When designing precast concrete products – such as manholes, utility vaults, water and wastewater structures, retaining walls, short span bridges or other custom precast products that are designed to resist soil loads – civil and structural engineers rely on appropriate codes and standards to match the design to the installation.

A major change was introduced in ACI 318-19: Building Code Requirements for Structural Concrete that affected the design of precast concrete structures. Previously, it was possible to calculate shear capacity based on concrete compressive strength and the geometry of the section. However, ACI 318-19 added requirements for both a size effect and the influence of flexural reinforcement in shear calculations. These revisions drastically reduced the calculated shear capacity by as much as 30 to 40 percent for many precast members, substantially increasing the amount of reinforcing steel needed to meet the same performance criteria.

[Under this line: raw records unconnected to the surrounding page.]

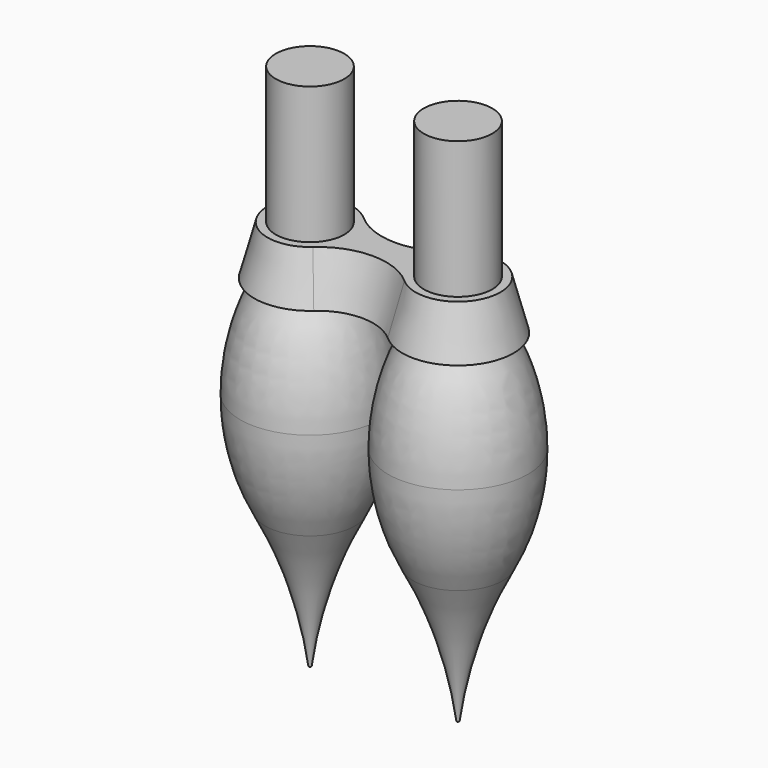
from build123d import *

# Parameters (mm, degrees)
F4_DEPTH = 4.572
F4_TAPER = 15


with BuildPart() as f1:
    # F0 (on Front) → F1 (revolve)
    with BuildSketch(Plane.XZ):
        with BuildLine():
            Line((-6.858, 12.7), (-10.033, 12.7))
            Line((-10.033, 12.7), (-10.033, -4.572))
            Line((-10.033, -4.572), (-10.9982, -4.572))
            ThreePointArc((-10.9982, -4.572), (-12.7421516444, -9.1602447444), (-13.335, -14.0328095721))
            ThreePointArc((-13.335, -14.0328095721), (-12.7463257854, -18.8884436966), (-11.0144111466, -23.4627405568))
            ThreePointArc((-11.0144111466, -23.4627405568), (-8.4355524205, -29.6589038682), (-6.9839312526, -36.2114413992))
            ThreePointArc((-6.9839312526, -36.2114413992), (-6.9417882519, -36.290438613), (-6.858, -36.322))
            Line((-6.858, -36.322), (-6.858, 12.7))
        make_face()
    revolve(axis=Axis((-6.858, 0, -6.3344838709), (0, 0, -1)))


with BuildPart() as f2_1:
    # F2: instance of F1
    add(f1.part.mirror(Plane.YZ))


with BuildPart() as f1_1:
    add(f1.part)

    add(f2_1.part)  # F4 merges F2_1
    # F3 (on face) → F4 (join)
    with BuildSketch(Plane.XY.offset(-4.572)):
        with BuildLine():
            ThreePointArc((3.429, 3.8507606314), (0, 2.5453212627), (-3.429, 3.8507606314))
            ThreePointArc((-3.429, 3.8507606314), (-12.0142, 0), (-3.429, -3.8507606314))
            ThreePointArc((-3.429, -3.8507606314), (0, -2.5453212627), (3.429, -3.8507606314))
            ThreePointArc((3.429, -3.8507606314), (12.0142, 0), (3.429, 3.8507606314))
        make_face()
    extrude(amount=F4_DEPTH, taper=F4_TAPER)


solid = f1_1.part
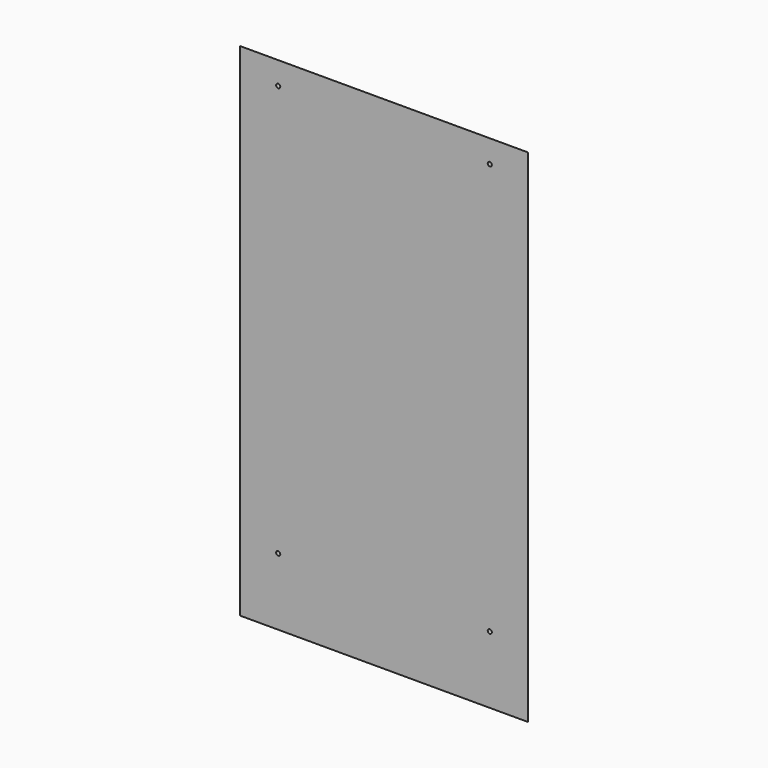
from build123d import *

# Parameters (mm, degrees)
F0_W     = 246
F0_H     = 429
F1_DEPTH = 12
F2_SIZE  = 11.99999
F4_D     = 3.5


# Not quite as in the source:
# - a fillet or chamfer is up to 0.001 mm smaller than in the source, because OpenCascade refuses the exact size
# - a feature names something its author has since deleted; it is built from what else it names


with BuildPart() as f1:
    # F0 (on Front) → F1 (new body)
    with BuildSketch(Plane.XZ):
        Rectangle(F0_W, F0_H)
    extrude(amount=F1_DEPTH)

    # F2 (size 12 in the source; OpenCascade refuses exactly that, so slightly less here)
    f2_edges = [f1.edges().sort_by_distance(p)[0] for p in [
        (123, 0, 0),
        (0, 0, 214.5),
        (-123, 0, 0),
    ]]
    chamfer(f2_edges, length=F2_SIZE)

    # F4 (through all)
    with Locations(Plane.XZ.offset(12)):
        with Locations((-90.5, 195), (90.5, 195), (-90.5, -157), (90.5, -157)):
            Hole(F4_D / 2)


solid = f1.part
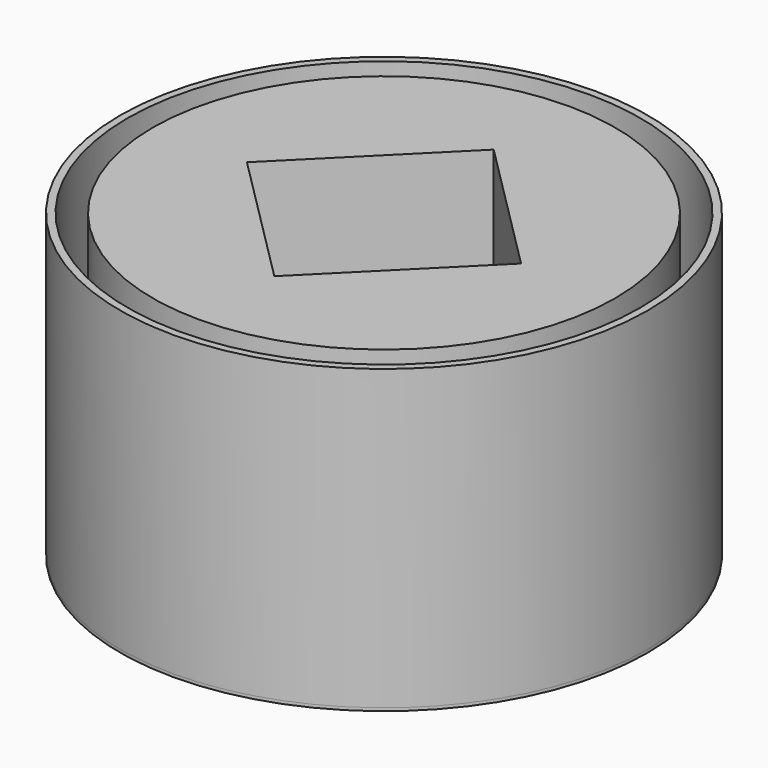
from build123d import *

# Parameters (mm, degrees)
F2_R     = 44.958
F3_DEPTH = 0.508
F4_R     = 39.37
F5_DEPTH = 50.8
F7_DEPTH = 33.02
F8_R     = 44.958
F8_R_2   = 43.688
F9_DEPTH = 50.8


# Not quite as in the source:
# - the program builds the solid bodies; features that only make, move or delete a surface that nothing else refers to are left out


with BuildPart() as f3:
    # F2 (on Top) → F3 (new body)
    with BuildSketch(Plane.XY):
        Circle(F2_R)
    extrude(amount=-F3_DEPTH)

    # F4 (on Top) → F5 (join)
    with BuildSketch(Plane.XY):
        Circle(F4_R)
    extrude(amount=F5_DEPTH)

    # F6 (on face) → F7 (cut)
    with BuildSketch(Plane.XY.offset(50.8)):
        Polygon((23.3486659148, 0), (0, 23.3486659148), (-23.3486659148, 0), (0, -23.3486659148), align=None)
    extrude(amount=-F7_DEPTH, mode=Mode.SUBTRACT)

    # F8 (on Top) → F9 (join)
    with BuildSketch(Plane.XY):
        Circle(F8_R)
        Circle(F8_R_2, mode=Mode.SUBTRACT)
    extrude(amount=F9_DEPTH)


solid = f3.part
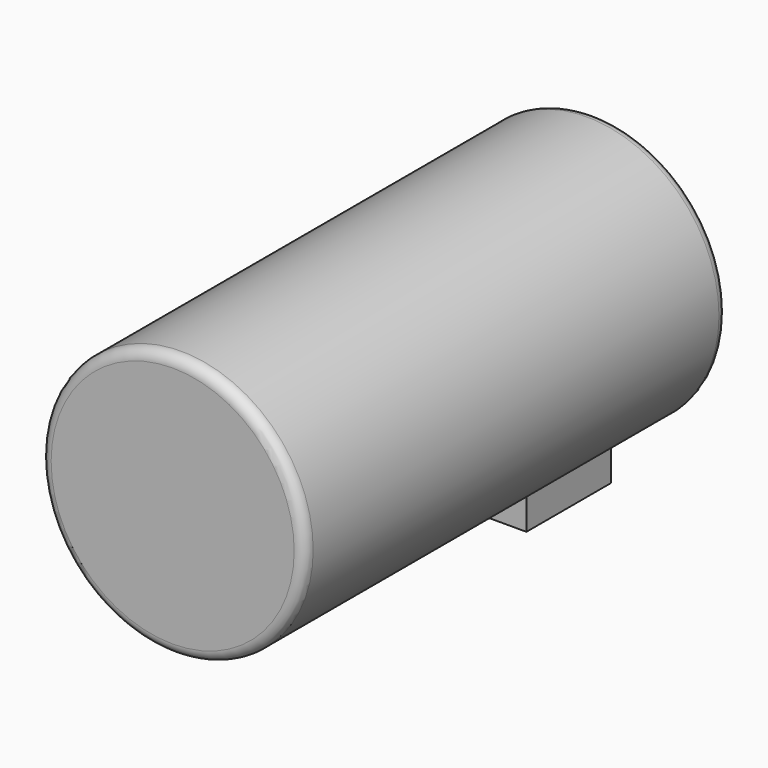
from build123d import *

# Parameters (mm, degrees)
F0_R     = 63.5
F1_DEPTH = 254
F4_R     = 5.08
F5_W     = 50.8
F5_H     = 50.8
F6_DEPTH = 76.2


# Not quite as in the source:
# - the program builds the solid bodies; features that only make, move or delete a surface that nothing else refers to are left out


with BuildPart() as f1:
    # F0 (on Front) → F1 (new body)
    with BuildSketch(Plane.XZ):
        Circle(F0_R)
    extrude(amount=F1_DEPTH)

    # F4
    f4_edges = [f1.edges().sort_by_distance(p)[0] for p in [
        (-63.5, -254, 0),
        (-63.5, 0, 0),
    ]]
    fillet(f4_edges, radius=F4_R)

    # F5 (on Top) → F6 (join)
    with BuildSketch(Plane.XY):
        with Locations((0, -47.7578863502)):
            Rectangle(F5_W, F5_H)
    extrude(amount=-F6_DEPTH)


solid = f1.part
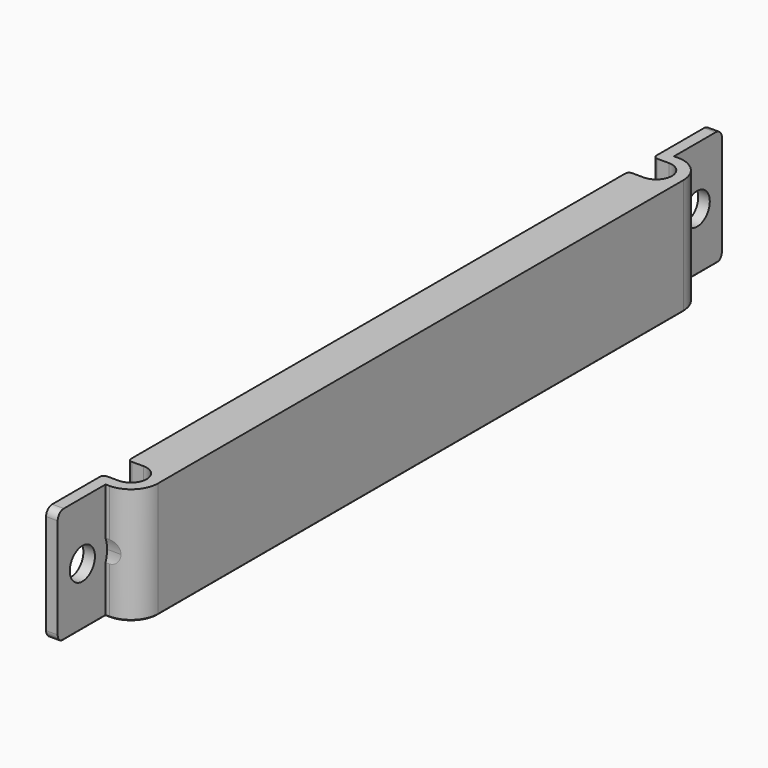
from build123d import *

# Parameters (mm, degrees)
F1_DEPTH     = 15
F2_R         = 1
F3_R         = 4.075
F4_DEPTH     = 3
F3_R_2       = 8
F5_DEPTH     = 8.001
F6_R         = 2
F7_T1_DEPTH  = 16.5429652699
F7_T3_DEPTH  = 3
F7_T5_DEPTH  = 170
F7_T7_DEPTH  = 159.9
F7_T9_DEPTH  = 16.5429652699
F7_T12_ANGLE = 90
F7_T16_DEPTH = 15.2358860169
F7_T21_DEPTH = 1.642920747
F7_T24_ANGLE = 180
F7_T26_ANGLE = 90
F7_T28_ANGLE = 90
F7_T30_ANGLE = 90
F7_T34_DEPTH = 1.642920747
F7_T37_ANGLE = 90
F7_T41_DEPTH = 15.2358860169
F7_T44_ANGLE = 180
F7_T46_ANGLE = 90


# Not quite as in the source:
# - a fillet or chamfer that OpenCascade refuses, or shapes differently, is made with other operations: its cross-section is extruded or revolved along the edge and cut away or added


with BuildPart() as f1:
    # F0 (on Top) → F1 (new body, symmetric)
    with BuildSketch(Plane.XY):
        with BuildLine():
            Line((-4, 89.05), (0, 89.05))
            ThreePointArc((0, 89.05), (4.05, 85), (0, 80.95))
            Line((0, 80.95), (-4, 80.95))
            Line((-4, 80.95), (-4, 0))
            Line((-4, 0), (-4, -80.95))
            Line((-4, -80.95), (0, -80.95))
            ThreePointArc((0, -80.95), (4.05, -85), (0, -89.05))
            Line((0, -89.05), (-4, -89.05))
            Line((-4, -89.05), (-4, -107.5))
            Line((-4, -107.5), (-1, -107.5))
            Line((-1, -107.5), (-1, -92))
            Line((-1, -92), (0, -92))
            ThreePointArc((0, -92), (4.9497474683, -89.9497474683), (7, -85))
            Line((7, -85), (7, 0))
            Line((7, 0), (7, 85))
            ThreePointArc((7, 85), (4.9497474683, 89.9497474683), (0, 92))
            Line((0, 92), (-1, 92))
            Line((-1, 92), (-1, 107.5))
            Line((-1, 107.5), (-4, 107.5))
            Line((-4, 107.5), (-4, 89.05))
        make_face()
    extrude(amount=F1_DEPTH, both=True)

    # F2
    f2_edges = [f1.edges().sort_by_distance(p)[0] for p in [
        (-4, 89.05, 0),
        (-4, 80.95, 0),
        (-4, -89.05, 0),
        (-4, -80.95, 0),
    ]]
    fillet(f2_edges, radius=F2_R)

    # F3 (on face) → F4 (cut, through all)
    with BuildSketch(Plane.YZ.offset(-1)):
        with Locations((99.5, 0)):
            Circle(F3_R)
        with Locations((-99.5, 0)):
            Circle(F3_R)
    extrude(amount=-F4_DEPTH, mode=Mode.SUBTRACT)

    # F3 (on face) → F5 (cut, through all)
    with BuildSketch(Plane.YZ.offset(-1)):
        with Locations((99.5, 0)):
            Circle(F3_R_2)
        with Locations((99.5, 0)):
            Circle(F3_R, mode=Mode.SUBTRACT)
        with BuildLine():
            ThreePointArc((-92, -2.7838821814), (-91.625992126, -1.4142135624), (-91.5, 0))
            ThreePointArc((-91.5, 0), (-91.625992126, 1.4142135624), (-92, 2.7838821814))
            Line((-92, 2.7838821814), (-92, -2.7838821814))
        make_face()
        with BuildLine():
            Line((-92, -2.7838821814), (-92, 2.7838821814))
            ThreePointArc((-92, 2.7838821814), (-100.9142136429, 7.8740078596), (-107.5, -1.636e-07))
            ThreePointArc((-107.5, -1.636e-07), (-100.9142134819, -7.8740078885), (-92, -2.7838821814))
        make_face()
        with Locations((-99.5, 0)):
            Circle(F3_R, mode=Mode.SUBTRACT)
    extrude(amount=F5_DEPTH, mode=Mode.SUBTRACT)

    # F6
    f6_edges = [f1.edges().sort_by_distance(p)[0] for p in [
        (-2.5, 107.5, -15),
        (-2.5, 107.5, 15),
        (-2.5, -107.5, -15),
        (-2.5, -107.5, 15),
    ]]
    fillet(f6_edges, radius=F6_R)

    # F7: chamfer of 0.25 on 22 edges, made by hand

    # F7_s2 → F7_t1 (cut)
    with BuildSketch(Plane.XZ.offset(-106.5929652699)):
        Polygon((-3.75, -15), (-4, -14.75), (-4, -15), align=None)
    extrude(amount=F7_T1_DEPTH, mode=Mode.SUBTRACT)

    # F7_s4 → F7_t3 (cut)
    with BuildSketch(Plane.YZ.offset(-3)):
        Polygon((89.3, -15), (89.05, -14.75), (89.05, -15), align=None)
        Polygon((80.7, -15), (80.95, -14.75), (80.95, -15), align=None)
        Polygon((-80.7, -15), (-80.95, -14.75), (-80.95, -15), align=None)
        Polygon((-89.3, -15), (-89.05, -14.75), (-89.05, -15), align=None)
    extrude(amount=F7_T3_DEPTH, mode=Mode.SUBTRACT)

    # F7_s6 → F7_t5 (cut)
    with BuildSketch(Plane.XZ.offset(-85)):
        Polygon((6.75, -15), (7, -14.75), (7, -15), align=None)
    extrude(amount=F7_T5_DEPTH, mode=Mode.SUBTRACT)

    # F7_s8 → F7_t7 (cut)
    with BuildSketch(Plane.XZ.offset(-79.95)):
        Polygon((-3.75, -15), (-4, -14.75), (-4, -15), align=None)
    extrude(amount=F7_T7_DEPTH, mode=Mode.SUBTRACT)

    # F7_s10 → F7_t9 (cut)
    with BuildSketch(Plane.XZ.offset(90.05)):
        Polygon((-4, -14.75), (-3.75, -15), (-4, -15), align=None)
    extrude(amount=F7_T9_DEPTH, mode=Mode.SUBTRACT)

    # F7_s11 → F7_t12 (revolve, cut)
    with BuildSketch(Plane.YZ.offset(-3)):
        Polygon((89.3, -15), (89.05, -14.75), (89.05, -15), align=None)
    revolve(axis=Axis((-3, 90.05, -15), (0, 0, -1)), revolution_arc=F7_T12_ANGLE, mode=Mode.SUBTRACT)


with BuildPart() as f7_tool14:
    # F7_s15 → F7_t16 (new body)
    with BuildSketch(Plane.XZ.offset(-91.357079253)):
        Polygon((-1.25, -15), (-1, -14.75), (-1, -15), align=None)
    extrude(amount=-F7_T16_DEPTH)

    split(bisect_by=Plane(origin=(0, 53.375, -53.375), x_dir=(1, 0, 0), z_dir=(0, 0.7071067812, -0.7071067812)), keep=Keep.TOP)


with BuildPart() as f1_1:
    add(f1.part)

    # F7_t13: cut F7_tool14
    add(f7_tool14.part, mode=Mode.SUBTRACT)


with BuildPart() as f7_tool19:
    # F7_s20 → F7_t21 (new body)
    with BuildSketch(Plane.YZ):
        Polygon((91.75, -15), (92, -14.75), (92, -15), align=None)
    extrude(amount=-F7_T21_DEPTH)

    split(bisect_by=Plane(origin=(6.875, 0, -6.875), x_dir=(0, 1, 0), z_dir=(0.7071067812, 0, -0.7071067812)), keep=Keep.TOP)


with BuildPart() as f1_2:
    add(f1_1.part)

    # F7_t18: cut F7_tool19
    add(f7_tool19.part, mode=Mode.SUBTRACT)

    # F7_s23 → F7_t24 (revolve, cut)
    with BuildSketch(Plane.YZ):
        Polygon((89.3, -15), (89.05, -14.75), (89.05, -15), align=None)
    revolve(axis=Axis((0, 85, -15), (0, 0, -1)), revolution_arc=F7_T24_ANGLE, mode=Mode.SUBTRACT)

    # F7_s25 → F7_t26 (revolve, cut)
    with BuildSketch(Plane.XZ.offset(-85)):
        Polygon((6.75, -15), (7, -14.75), (7, -15), align=None)
    revolve(axis=Axis((0, 85, -15), (0, 0, 1)), revolution_arc=F7_T26_ANGLE, mode=Mode.SUBTRACT)

    # F7_s27 → F7_t28 (revolve, cut)
    with BuildSketch(Plane.XZ.offset(-79.95)):
        Polygon((-3.75, -15), (-4, -14.75), (-4, -15), align=None)
    revolve(axis=Axis((-3, 79.95, -15), (0, 0, -1)), revolution_arc=F7_T28_ANGLE, mode=Mode.SUBTRACT)

    # F7_s29 → F7_t30 (revolve, cut)
    with BuildSketch(Plane.YZ):
        Polygon((-91.75, -15), (-92, -14.75), (-92, -15), align=None)
    revolve(axis=Axis((0, -85, -15), (0, 0, 1)), revolution_arc=F7_T30_ANGLE, mode=Mode.SUBTRACT)


with BuildPart() as f7_tool32:
    # F7_s33 → F7_t34 (new body)
    with BuildSketch(Plane.YZ.offset(-1.642920747)):
        Polygon((-91.75, -15), (-92, -14.75), (-92, -15), align=None)
    extrude(amount=F7_T34_DEPTH)

    split(bisect_by=Plane(origin=(6.875, 0, -6.875), x_dir=(0, 1, 0), z_dir=(0.7071067812, 0, -0.7071067812)), keep=Keep.TOP)


with BuildPart() as f1_3:
    add(f1_2.part)

    # F7_t31: cut F7_tool32
    add(f7_tool32.part, mode=Mode.SUBTRACT)

    # F7_s36 → F7_t37 (revolve, cut)
    with BuildSketch(Plane.YZ.offset(-3)):
        Polygon((-80.7, -15), (-80.95, -14.75), (-80.95, -15), align=None)
    revolve(axis=Axis((-3, -79.95, -15), (0, 0, -1)), revolution_arc=F7_T37_ANGLE, mode=Mode.SUBTRACT)


with BuildPart() as f7_tool39:
    # F7_s40 → F7_t41 (new body)
    with BuildSketch(Plane.XZ.offset(106.5929652699)):
        Polygon((-1.25, -15), (-1, -14.75), (-1, -15), align=None)
    extrude(amount=-F7_T41_DEPTH)

    split(bisect_by=Plane(origin=(0, -53.375, -53.375), x_dir=(1, 0, 0), z_dir=(0, -0.7071067812, -0.7071067812)), keep=Keep.TOP)


with BuildPart() as f1_4:
    add(f1_3.part)

    # F7_t38: cut F7_tool39
    add(f7_tool39.part, mode=Mode.SUBTRACT)

    # F7_s43 → F7_t44 (revolve, cut)
    with BuildSketch(Plane.YZ):
        Polygon((-80.7, -15), (-80.95, -14.75), (-80.95, -15), align=None)
    revolve(axis=Axis((0, -85, -15), (0, 0, -1)), revolution_arc=F7_T44_ANGLE, mode=Mode.SUBTRACT)

    # F7_s45 → F7_t46 (revolve, cut)
    with BuildSketch(Plane.XZ.offset(90.05)):
        Polygon((-3.75, -15), (-4, -14.75), (-4, -15), align=None)
    revolve(axis=Axis((-3, -90.05, -15), (0, 0, -1)), revolution_arc=F7_T46_ANGLE, mode=Mode.SUBTRACT)


solid = f1_4.part

In response, many designers turned to other codes and standards for design, such as the AASHTO LRFD Bridge Design Specifications, to preserve shear capacity that would otherwise be lost by referencing the ACI 318-19 code.  AASHTO LRFD is commonly used to design buried precast concrete structures that experience vehicular traffic live loads, whereas, up until 2019, ACI 318 had been the go-to standard for most installations, having also been the primary reference in ASTM standards for many years.

In actuality, the reduced shear capacity in ACI 318-19 was not supported by real-world evidence.  Precast concrete structures have demonstrated decades of safe and reliable performance, with millions of installations in service with no shear issues. This consistent success can be attributed in part to conservative assumptions, especially regarding soil pressure, but also due to the exclusion on beneficial soil-structure interactions such as arching, friction and passive soil pressure, which are often omitted due to the difficulty of quantification in standard design.

Recognizing these factors, ACI introduced major revisions in ACI 318-25, particularly in Sections 13.2.6 and 13.3.7, which apply to structures that bear against or resist pressure from soil. The update restores most of the shear capacity that was lost in 2019, allowing designers to once again calculate shear strength based on cross-sectional geometry alone.  As noted in the commentary to section 13.2.6: “… members directly bearing on soil … and designed under previous editions of the Code have exhibited satisfactory behavior without consideration of the influence of size effect or flexural reinforcement effect on shear strength.”  

This update is a welcome development for the precast concrete industry.  It reaffirms what industry professionals have long observed: precast concrete structures are inherently durable, resilient and capable of delivering long-term performance under demanding conditions.

ACI/PCI 319-25 and its relevance to buried precast structures

Another notable update in ACI 318-25 is a new reference in Section 4.12.1.1 to ACI/PCI 319-25, a companion code developed specifically for the design of precast concrete members and connections. At first glance, this new reference suggests a shift away from the traditional reliance on ACI 318 for precast concrete design. However, in its initial release, ACI/PCI 319-25 has very little impact on the design of precast concrete utility structures.

With respect to shear design, key provisions in Sections 13.2.6 and 13.3.7 continue to reference ACI 318-25 directly.  Likewise, shear requirements found in Sections 22.5 and 22.6 of ACI/PCI 319-25 defer to ACI 318-25, except in cases involving prestressed or pretensioned members. For this reason, designers working with mild steel-reinforced precast concrete components can continue to rely solely on ACI 318-25 without the need to consult ACI/PCI 319-25, unless they are engaged in the design of prestressed or pretensioned elements. 

While the release of ACI/PCI 319-25 represents a new chapter in the development of precast-specific codes and standards, its current influence on utility structure design is limited. ACI 318-25 remains the primary reference for the design of conventionally reinforced precast concrete structures.